#### EXERCISE GOAL:
Reproduce word for word the lines between those holding "IC2: REGULATORSOT23; SOT23" and "VBAT: C_VBAT.1, IC1.3", inclusive, and nothing else from the data below.

Collected data:
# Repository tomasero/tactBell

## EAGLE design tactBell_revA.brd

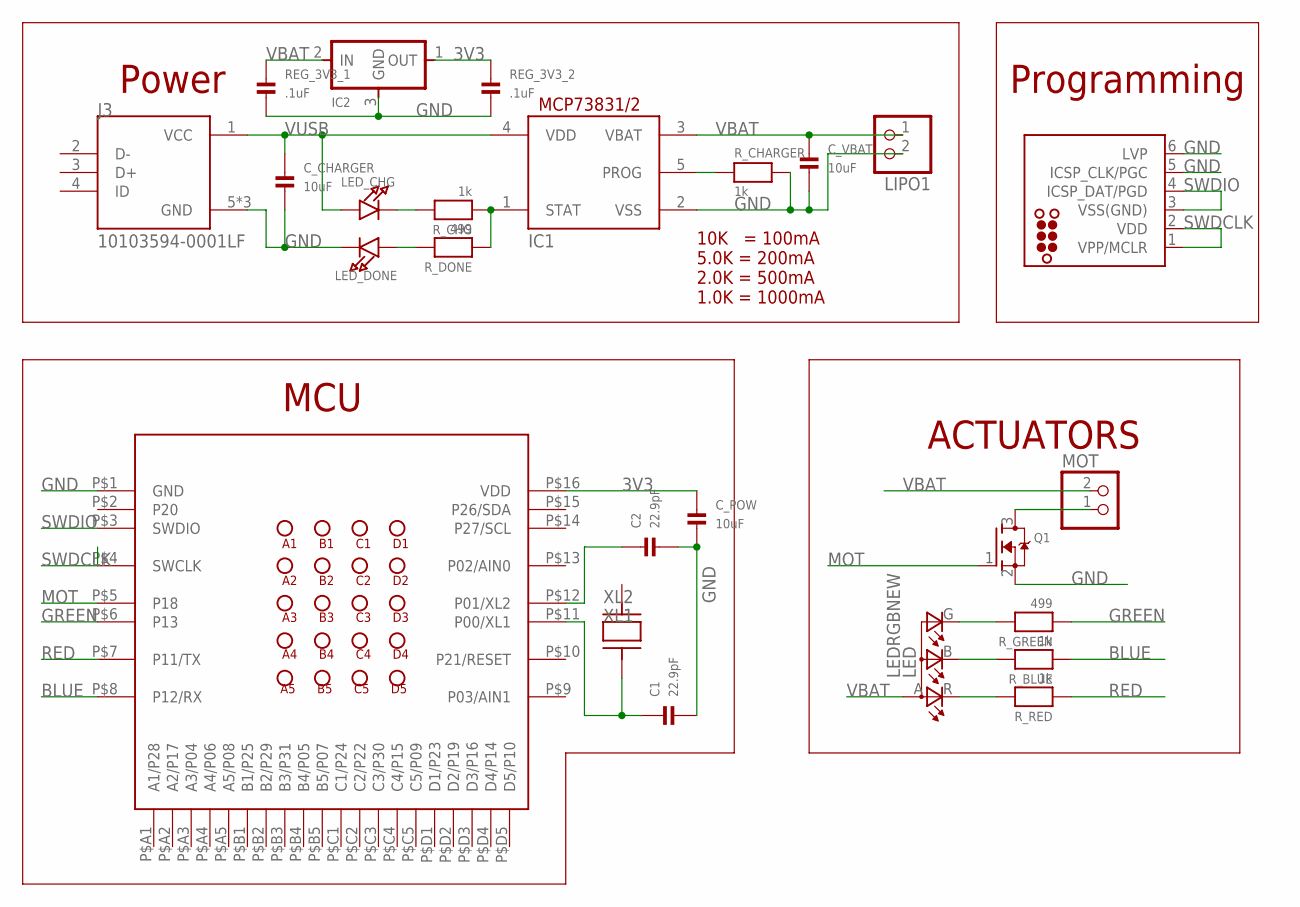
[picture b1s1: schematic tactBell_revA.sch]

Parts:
C1, C2: 22.9pF; 0603
C_CHARGER: 10uF; 0603
C_POW: 10uF; 0603
C_VBAT: 10uF; 0603
IC1: MCP73831/OT; SOT23-5L
IC2: REGULATORSOT23; SOT23
J1: TC2030-MCP-NL
J3: 10103594-0001LF; FCI_10103594-0001LF
LED: LEDRGBNEW; P-LCC-4
LED_CHG: LED0603; CHIPLED_0603
LED_DONE: LED0603; CHIPLED_0603
LIPO1: JST_2PIN-SMT-RA; JST-PH-2-SMT-RA
MOT: JST_2PIN-SMT-RA; JST-PH-2-SMT-RA
Q1: MOSFET-NREFLOW; SOT23-R
REG_3V3_1, REG_3V3_2: .1uF; 0603
R_BLUE: 1k; 0603
R_CHARGER: 1k; 0603
R_CHG: 1k; 0603
R_DONE: 499; 0603
R_GREEN: 499; 0603
R_RED: 1k; 0603
U2: BC832-V0; BC832
XL: ECX-31B

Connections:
3V3: C_POW.1, IC2.1 (OUT), REG_3V3_2.1, U2.P$16 (VDD)
B: LED.B (CBLUE), R_BLUE.2
BLUE: R_BLUE.1, U2.P$8 (P12/RX)
G: LED.G (CGREEN), R_GREEN.2
GND: C1.2, C2.2, C_CHARGER.2, C_POW.2, C_VBAT.2, IC1.2 (VSS), IC2.3 (GND), J1.5 (ICSP_CLK/PGC), J1.6 (LVP), J3.5 (GND), J3.P3 (GND), J3.P4 (GND), LED_DONE.C, LIPO1.2 (1), Q1.2 (S), REG_3V3_1.2, REG_3V3_2.2, R_CHARGER.2, U2.P$1 (GND)
GREEN: R_GREEN.1, U2.P$6 (P13)
MOT: Q1.1 (G), U2.P$5 (P18)
unnamed: LED_DONE.A, R_DONE.2
unnamed: MOT.1 (2), Q1.3 (D)
unnamed: LED_CHG.C, R_CHG.2
PROG: IC1.5 (PROG), R_CHARGER.1
R: LED.R (CRED), R_RED.2
RED: R_RED.1, U2.P$7 (P11/TX)
STAT: IC1.1 (STAT), R_CHG.1, R_DONE.1
SWDCLK: J1.1 (VPP/MCLR), J1.2 (VDD), U2.P$4 (SWCLK)
SWDIO: J1.3 (VSS(GND)), J1.4 (ICSP_DAT/PGD), U2.P$3 (SWDIO)
VBAT: C_VBAT.1, IC1.3 (VBAT), IC2.2 (IN), LED.A (A2), LIPO1.1 (2), MOT.2 (1), REG_3V3_1.1
VUSB: C_CHARGER.1, IC1.4 (VDD), J3.1 (VCC), LED_CHG.A
XL1: C1.1, U2.P$11 (P00/XL1), XL.XL1
XL2: C2.1, U2.P$12 (P01/XL2)

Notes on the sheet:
Power
10K = 100mA 5.0K = 200mA 2.0K = 500mA 1.0K = 1000mA
MCU
ACTUATORS
Programming

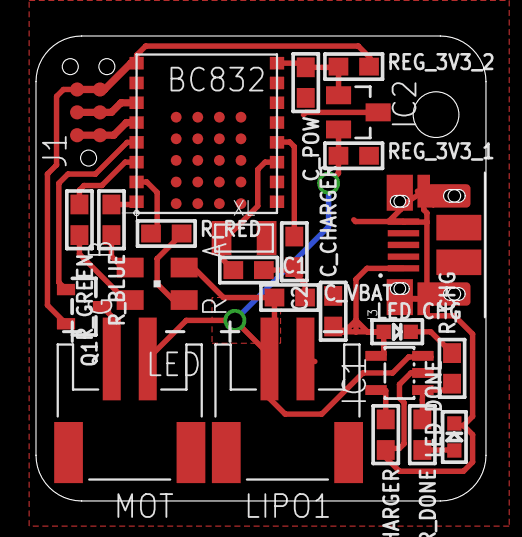
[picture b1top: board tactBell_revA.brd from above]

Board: 2 copper layers, 25.0 x 25.8 mm, 25 parts (0 on the bottom side), 20 nets.

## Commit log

2018-06-01 pa judiiii
2018-06-01 rm .lck

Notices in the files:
parts and their libraries:
microbuilder: This work is placed in the public domain, and may be freely used for commercial and non-commercial work with the following conditions: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
tag-connect: ©2009 ROFA.cz - modified and updated by Robert Darlington ‹rdarlington@gmail.com›

#### OUTPUT FOR THIS EXERCISE:
IC2: REGULATORSOT23; SOT23
J1: TC2030-MCP-NL
J3: 10103594-0001LF; FCI_10103594-0001LF
LED: LEDRGBNEW; P-LCC-4
LED_CHG: LED0603; CHIPLED_0603
LED_DONE: LED0603; CHIPLED_0603
LIPO1: JST_2PIN-SMT-RA; JST-PH-2-SMT-RA
MOT: JST_2PIN-SMT-RA; JST-PH-2-SMT-RA
Q1: MOSFET-NREFLOW; SOT23-R
REG_3V3_1, REG_3V3_2: .1uF; 0603
R_BLUE: 1k; 0603
R_CHARGER: 1k; 0603
R_CHG: 1k; 0603
R_DONE: 499; 0603
R_GREEN: 499; 0603
R_RED: 1k; 0603
U2: BC832-V0; BC832
XL: ECX-31B

Connections:
3V3: C_POW.1, IC2.1 (OUT), REG_3V3_2.1, U2.P$16 (VDD)
B: LED.B (CBLUE), R_BLUE.2
BLUE: R_BLUE.1, U2.P$8 (P12/RX)
G: LED.G (CGREEN), R_GREEN.2
GND: C1.2, C2.2, C_CHARGER.2, C_POW.2, C_VBAT.2, IC1.2 (VSS), IC2.3 (GND), J1.5 (ICSP_CLK/PGC), J1.6 (LVP), J3.5 (GND), J3.P3 (GND), J3.P4 (GND), LED_DONE.C, LIPO1.2 (1), Q1.2 (S), REG_3V3_1.2, REG_3V3_2.2, R_CHARGER.2, U2.P$1 (GND)
GREEN: R_GREEN.1, U2.P$6 (P13)
MOT: Q1.1 (G), U2.P$5 (P18)
unnamed: LED_DONE.A, R_DONE.2
unnamed: MOT.1 (2), Q1.3 (D)
unnamed: LED_CHG.C, R_CHG.2
PROG: IC1.5 (PROG), R_CHARGER.1
R: LED.R (CRED), R_RED.2
RED: R_RED.1, U2.P$7 (P11/TX)
STAT: IC1.1 (STAT), R_CHG.1, R_DONE.1
SWDCLK: J1.1 (VPP/MCLR), J1.2 (VDD), U2.P$4 (SWCLK)
SWDIO: J1.3 (VSS(GND)), J1.4 (ICSP_DAT/PGD), U2.P$3 (SWDIO)
VBAT: C_VBAT.1, IC1.3 (VBAT), IC2.2 (IN), LED.A (A2), LIPO1.1 (2), MOT.2 (1), REG_3V3_1.1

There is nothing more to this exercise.